ETH Zürich, Vladimir-Prelog-Weg 3, HCI, 8093 Zürich, Switzerland.
J Am Chem Soc. 2020 Dec 23;142(51):21548-21555. doi: 10.1021/jacs.0c11025. Epub 2020 Dec 10.
Unprotected, primary 2-azidoamines are versatile precursors to vicinal diamines, which are among the most common motifs in biologically active compounds. Herein, we report their operationally simple synthesis through an iron-catalyzed difunctionalization of alkenes. A wide array of alkene substrates are tolerated, including complex drug-like molecules and a tripeptide. Facile derivatizations of the azidoamine group demonstrate the versatility of this masked diamine motif in chemoselective, orthogonal transformations. Applications of the methodology in the concise synthesis of RO 20-1724 as well as in the formal total syntheses of both (±)-hamacanthin B and (±)-quinagolide further demonstrate the broad synthetic potential of this highly functional-group-tolerant reaction.

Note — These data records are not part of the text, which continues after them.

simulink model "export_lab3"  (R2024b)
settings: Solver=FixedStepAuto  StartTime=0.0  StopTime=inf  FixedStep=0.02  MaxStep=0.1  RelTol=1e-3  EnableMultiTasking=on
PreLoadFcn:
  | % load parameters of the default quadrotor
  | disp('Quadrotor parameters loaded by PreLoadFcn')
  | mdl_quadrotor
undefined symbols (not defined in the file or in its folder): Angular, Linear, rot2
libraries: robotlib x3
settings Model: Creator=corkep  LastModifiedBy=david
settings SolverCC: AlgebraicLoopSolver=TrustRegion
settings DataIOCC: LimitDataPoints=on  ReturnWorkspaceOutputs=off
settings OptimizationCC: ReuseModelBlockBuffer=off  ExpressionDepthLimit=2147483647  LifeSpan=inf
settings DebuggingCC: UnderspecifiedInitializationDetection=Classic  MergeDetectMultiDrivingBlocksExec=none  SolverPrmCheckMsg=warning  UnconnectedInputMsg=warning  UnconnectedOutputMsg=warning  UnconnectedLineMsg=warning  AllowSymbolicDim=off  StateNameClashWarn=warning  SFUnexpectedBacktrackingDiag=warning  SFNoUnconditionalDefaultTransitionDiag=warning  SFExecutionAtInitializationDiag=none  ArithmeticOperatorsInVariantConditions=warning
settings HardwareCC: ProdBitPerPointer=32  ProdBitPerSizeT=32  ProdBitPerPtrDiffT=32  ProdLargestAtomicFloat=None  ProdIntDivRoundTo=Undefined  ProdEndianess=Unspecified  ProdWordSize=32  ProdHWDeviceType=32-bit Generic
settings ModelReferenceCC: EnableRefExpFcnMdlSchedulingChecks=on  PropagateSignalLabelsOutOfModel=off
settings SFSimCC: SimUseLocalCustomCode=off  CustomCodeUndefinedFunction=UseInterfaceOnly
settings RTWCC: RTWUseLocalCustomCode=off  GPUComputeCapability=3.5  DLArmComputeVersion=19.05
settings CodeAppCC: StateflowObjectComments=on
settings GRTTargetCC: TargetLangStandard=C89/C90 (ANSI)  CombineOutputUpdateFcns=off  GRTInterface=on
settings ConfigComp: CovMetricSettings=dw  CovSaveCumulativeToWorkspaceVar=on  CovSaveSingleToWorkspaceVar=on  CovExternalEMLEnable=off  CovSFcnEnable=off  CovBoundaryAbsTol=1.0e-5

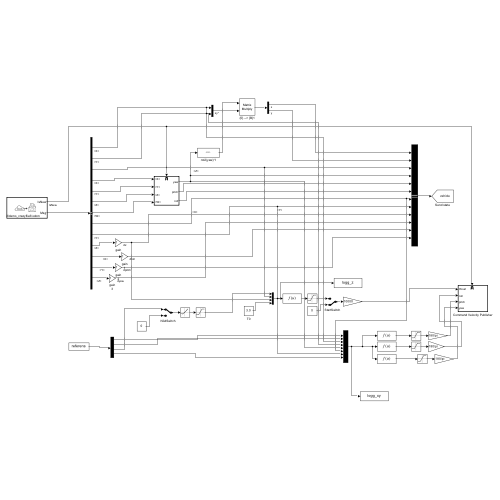
[thumbnail: Simulink's stored preview of the top-level diagram]
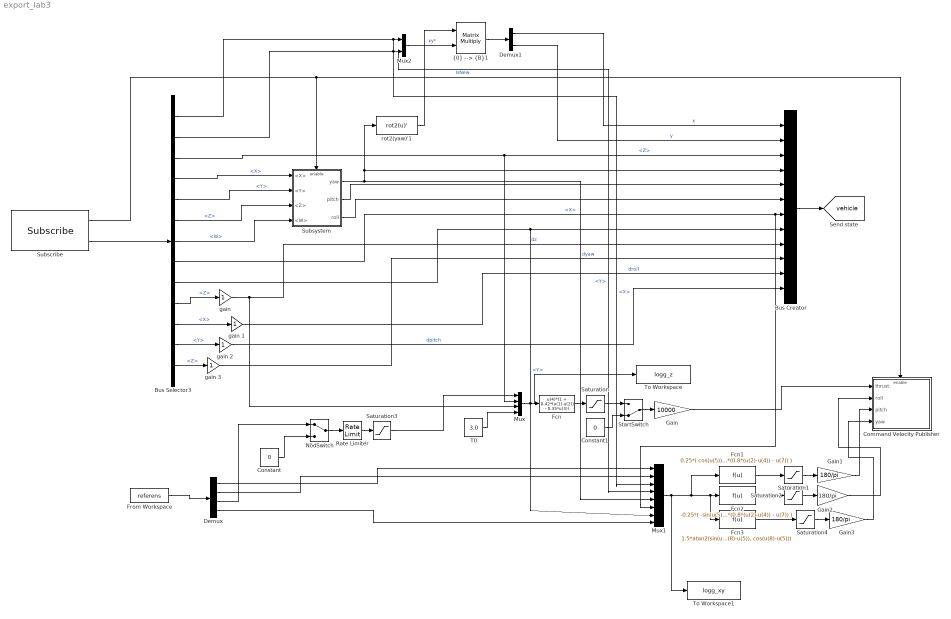
== system export_lab3 ==
  Bus Creator : BusCreator  Inputs=12
  Bus Selector3 : BusSelector  OutputSignals=Pose.Pose.Position.X,Pose.Pose.Position.Y,Pose.Pose.Position.Z,Pose.Pose.Orientation.X,Pose.Pose.Orientation.Y,Pose.Pose.Orientation.Z,Pose.Pose.Orientation.W,Twist.Twist.Linear.X,Twist.Twist.Linear.Y,Twist.Twist.Linear.Z,Twist.Twist.Angular.X,Twist.Twist.Angular.Y,Twist.Twist.Angular.Z
  Command Velocity Publisher : Subsystem
  Constant : Constant  Value=0
  Constant1 : Constant  Value=0
  Demux : Demux
  Demux1 : Demux  Outputs=2
  Fcn : Fcn  Expr=u(4)*(1 + 0.42*(u(1)-u(2)) - 0.35*u(3))
  Fcn1 : Fcn  Expr=0.25*( cos(u(5))*(0.8*(u(1)-u(3)) - u(6)) + sin(u(5))*(0.8*(u(2)-u(4)) - u(7)) )
  Fcn2 : Fcn  Expr=-0.25*( -sin(u(5))*(0.8*(u(1)-u(3)) - u(6)) + cos(u(5))*(0.8*(u(2)-u(4)) - u(7)) )
  Fcn3 : Fcn  Expr=1.5*atan2(sin(u(8)-u(5)), cos(u(8)-u(5)))
  From Workspace : FromWorkspace  VariableName=referens  OutputAfterFinalValue=Holding final value
  Gain : Gain  Gain=10000
  Gain1 : Gain  Gain=180/pi
  Gain2 : Gain  Gain=180/pi
  Gain3 : Gain  Gain=180/pi
  Mux : Mux
  Mux1 : Mux  Inputs=8
  Mux2 : Mux  Inputs=2
  NödSwitch : ManualSwitch
  Rate Limiter : RateLimiter  RisingSlewLimit=0.2  FallingSlewLimit=-0.2  SampleTimeMode=inherited
  Saturation : Saturate  UpperLimit=6  LowerLimit=0
  Saturation1 : Saturate  UpperLimit=0.15  LowerLimit=-0.15
  Saturation2 : Saturate  UpperLimit=0.15  LowerLimit=-0.15
  Saturation3 : Saturate  UpperLimit=1.8  LowerLimit=0
  Saturation4 : Saturate  UpperLimit=1  LowerLimit=-1
  StartSwitch : ManualSwitch  CurrentSetting=0
  Subscribe : robotlib/Subscribe  topicSource=Select from ROS network  topic=/pixy/vicon/demo_crazyflie3/demo_crazyflie3/odom  messageType=nav_msgs/Odometry  SampleTime=-1  legacyBusStruct=off  messageQueueLength=51
  Subsystem : Subsystem
  T0 : Constant  Value=3.0
  To Workspace : ToWorkspace  VariableName=logg_z  SaveFormat=Timeseries  SampleTime=-1
  To Workspace1 : ToWorkspace  VariableName=logg_xy  SaveFormat=Timeseries  SampleTime=-1
  gain {,1..3} (4 alike) : Gain
  rot2(yaw)'1 : MATLABFcn  MATLABFcn=rot2(u)'  OutputDimensions=[2 2]  Output1D=off
  "{0} --> {B}1" : Product  Multiplication=Matrix(*)  RndMeth=Zero
  tag scope: vehicle=global
  wires:
  Bus Selector3/11 -> gain 1/1  "<X>"
  Bus Selector3/13 -> gain 3/1  "<Z>"
  Bus Selector3/10 -> "gain "/1  "<Z>"
  Bus Selector3/9 -> Bus Creator/8, Mux1/7  "<Y>"
  Bus Selector3/8 -> Mux1/6, Bus Creator/7  "<X>"
  Bus Selector3/3 -> Bus Creator/3, Mux/2  "<Z>"
  Bus Creator/1 -> [vehicle]
  Bus Selector3/12 -> gain 2/1  "<Y>"
  Subscribe/2 -> Bus Selector3/1
  Subscribe/1 -> Subsystem/Enable, Command Velocity Publisher/Enable  "IsNew"
  Mux2/1 -> "{0} --> {B}1"/2  "xy*"
  "{0} --> {B}1"/1 -> Demux1/1
  Demux1/1 -> Bus Creator/1  "x"
  Demux1/2 -> Bus Creator/2  "y"
  Bus Selector3/1 -> Mux1/3, Mux2/1  "<X>"
  Bus Selector3/2 -> Mux1/4, Mux2/2  "<Y>"
  rot2(yaw)'1/1 -> "{0} --> {B}1"/1
  "gain "/1 -> Bus Creator/9, Mux/3  "dz"
  gain 1/1 -> Bus Creator/11  "droll"
  gain 2/1 -> Bus Creator/12  "dpitch"
  gain 3/1 -> Bus Creator/10  "dyaw"
  Subsystem/1(yaw) -> Mux1/5, rot2(yaw)'1/1, Bus Creator/4
  Bus Selector3/4 -> Subsystem/1(<X>)  "<X>"
  Bus Selector3/5 -> Subsystem/2(<Y>)  "<Y>"
  Bus Selector3/6 -> Subsystem/3(<Z>)  "<Z>"
  Bus Selector3/7 -> Subsystem/4(<W>)  "<W>"
  Subsystem/2(pitch) -> Bus Creator/5
  Subsystem/3(roll) -> Bus Creator/6
  Constant1/1 -> StartSwitch/2
  NödSwitch/1 -> Rate Limiter/1
  StartSwitch/1 -> Gain/1
  Saturation3/1 -> Mux/1
  T0/1 -> Mux/4
  Rate Limiter/1 -> Saturation3/1
  Constant/1 -> NödSwitch/2
  Demux/3 -> NödSwitch/1
  Mux/1 -> To Workspace/1, Fcn/1
  Gain/1 -> Command Velocity Publisher/1(thrust)
  Saturation/1 -> StartSwitch/1
  Fcn/1 -> Saturation/1
  Mux1/1 -> To Workspace1/1, Fcn3/1, Fcn2/1, Fcn1/1
  Fcn3/1 -> Saturation4/1
  Fcn2/1 -> Saturation2/1
  Fcn1/1 -> Saturation1/1
  Saturation1/1 -> Gain1/1
  Saturation2/1 -> Gain2/1
  Saturation4/1 -> Gain3/1
  Gain1/1 -> Command Velocity Publisher/3(pitch)
  Gain2/1 -> Command Velocity Publisher/2(roll)
  Gain3/1 -> Command Velocity Publisher/4(yaw)
  From Workspace/1 -> Demux/1
  Demux/1 -> Mux1/1
  Demux/2 -> Mux1/2
  Demux/4 -> Mux1/8

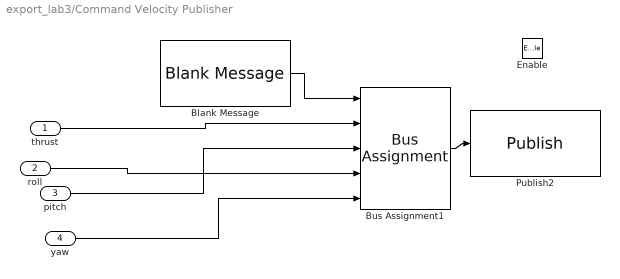
== system export_lab3/Command Velocity Publisher ==
  thrust : Inport
  roll : Inport  Port=2
  pitch : Inport  Port=3
  yaw : Inport  Port=4
  Enable : EnablePort
  Blank Message : robotlib/Blank Message  messageClass=Message  entityType=geometry_msgs/Twist  messageType=geometry_msgs/Twist  SampleTime=inf  legacyBusStruct=off
  Bus Assignment1 : BusAssignment  DialogController=Simulink.DDGSource_BusAssignment  AssignedSignals=Linear.Z,Linear.X,Linear.Y,Angular.Z
  Publish2 : robotlib/Publish  topicSource=Select from ROS network  topic=/demo_crazyflie3/cmd_vel  messageType=geometry_msgs/Twist  legacyBusStruct=off  messageQueueLength=105
  wires:
  Bus Assignment1/1 -> Publish2/1
  Blank Message/1 -> Bus Assignment1/1
  yaw/1 -> Bus Assignment1/5
  roll/1 -> Bus Assignment1/4
  pitch/1 -> Bus Assignment1/3
  thrust/1 -> Bus Assignment1/2

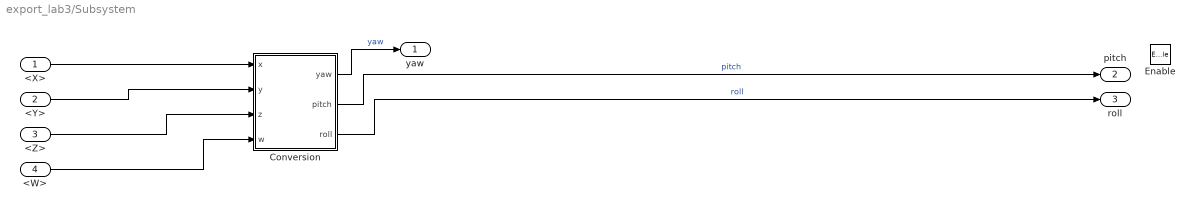
== system export_lab3/Subsystem ==
  <X> : Inport
  <Y> : Inport  Port=2
  <Z> : Inport  Port=3
  <W> : Inport  Port=4
  Enable : EnablePort
  Conversion : MATLAB Function  TreatAsAtomicUnit=on
  yaw : Outport
  pitch : Outport  Port=2
  roll : Outport  Port=3
  wires:
  Conversion/1(yaw) -> yaw/1  "yaw"
  <X>/1 -> Conversion/1(x)
  Conversion/2(pitch) -> pitch/1  "pitch"
  <W>/1 -> Conversion/4(w)
  <Y>/1 -> Conversion/2(y)
  Conversion/3(roll) -> roll/1  "roll"
  <Z>/1 -> Conversion/3(z)

== matlab function export_lab3/Subsystem/Conversion ==
  data: yaw output; x input; y input; z input; w input; pitch output; roll output
function [yaw,pitch,roll]  = quat2eul(x,y,z,w)
%#codegen

% Convert the quaternion to a yaw angle (zyx euler angle)
eul = quat2eul([w,x,y,z]);
yaw = eul(1);
roll = eul(3);
pitch = eul(2);

end

未保护的伯 2-叠氮胺是顺式二胺的多功能前体,顺式二胺是生物活性化合物中最常见的结构单元之一。在此,我们报告了通过铁催化的烯烃双官能化反应来实现其操作简单的合成方法。该反应对各种烯烃底物都具有耐受性,包括复杂的类药物分子和三肽。叠氮胺基团的易衍生化展示了这种掩蔽的二胺结构单元在化学选择性、正交转化中的多功能性。该方法在 RO 20-1724 的简洁合成以及 (±)-hamacanthin B 和 (±)-quinagolide 的正式全合成中的应用进一步证明了这种高度官能团容忍反应的广泛合成潜力。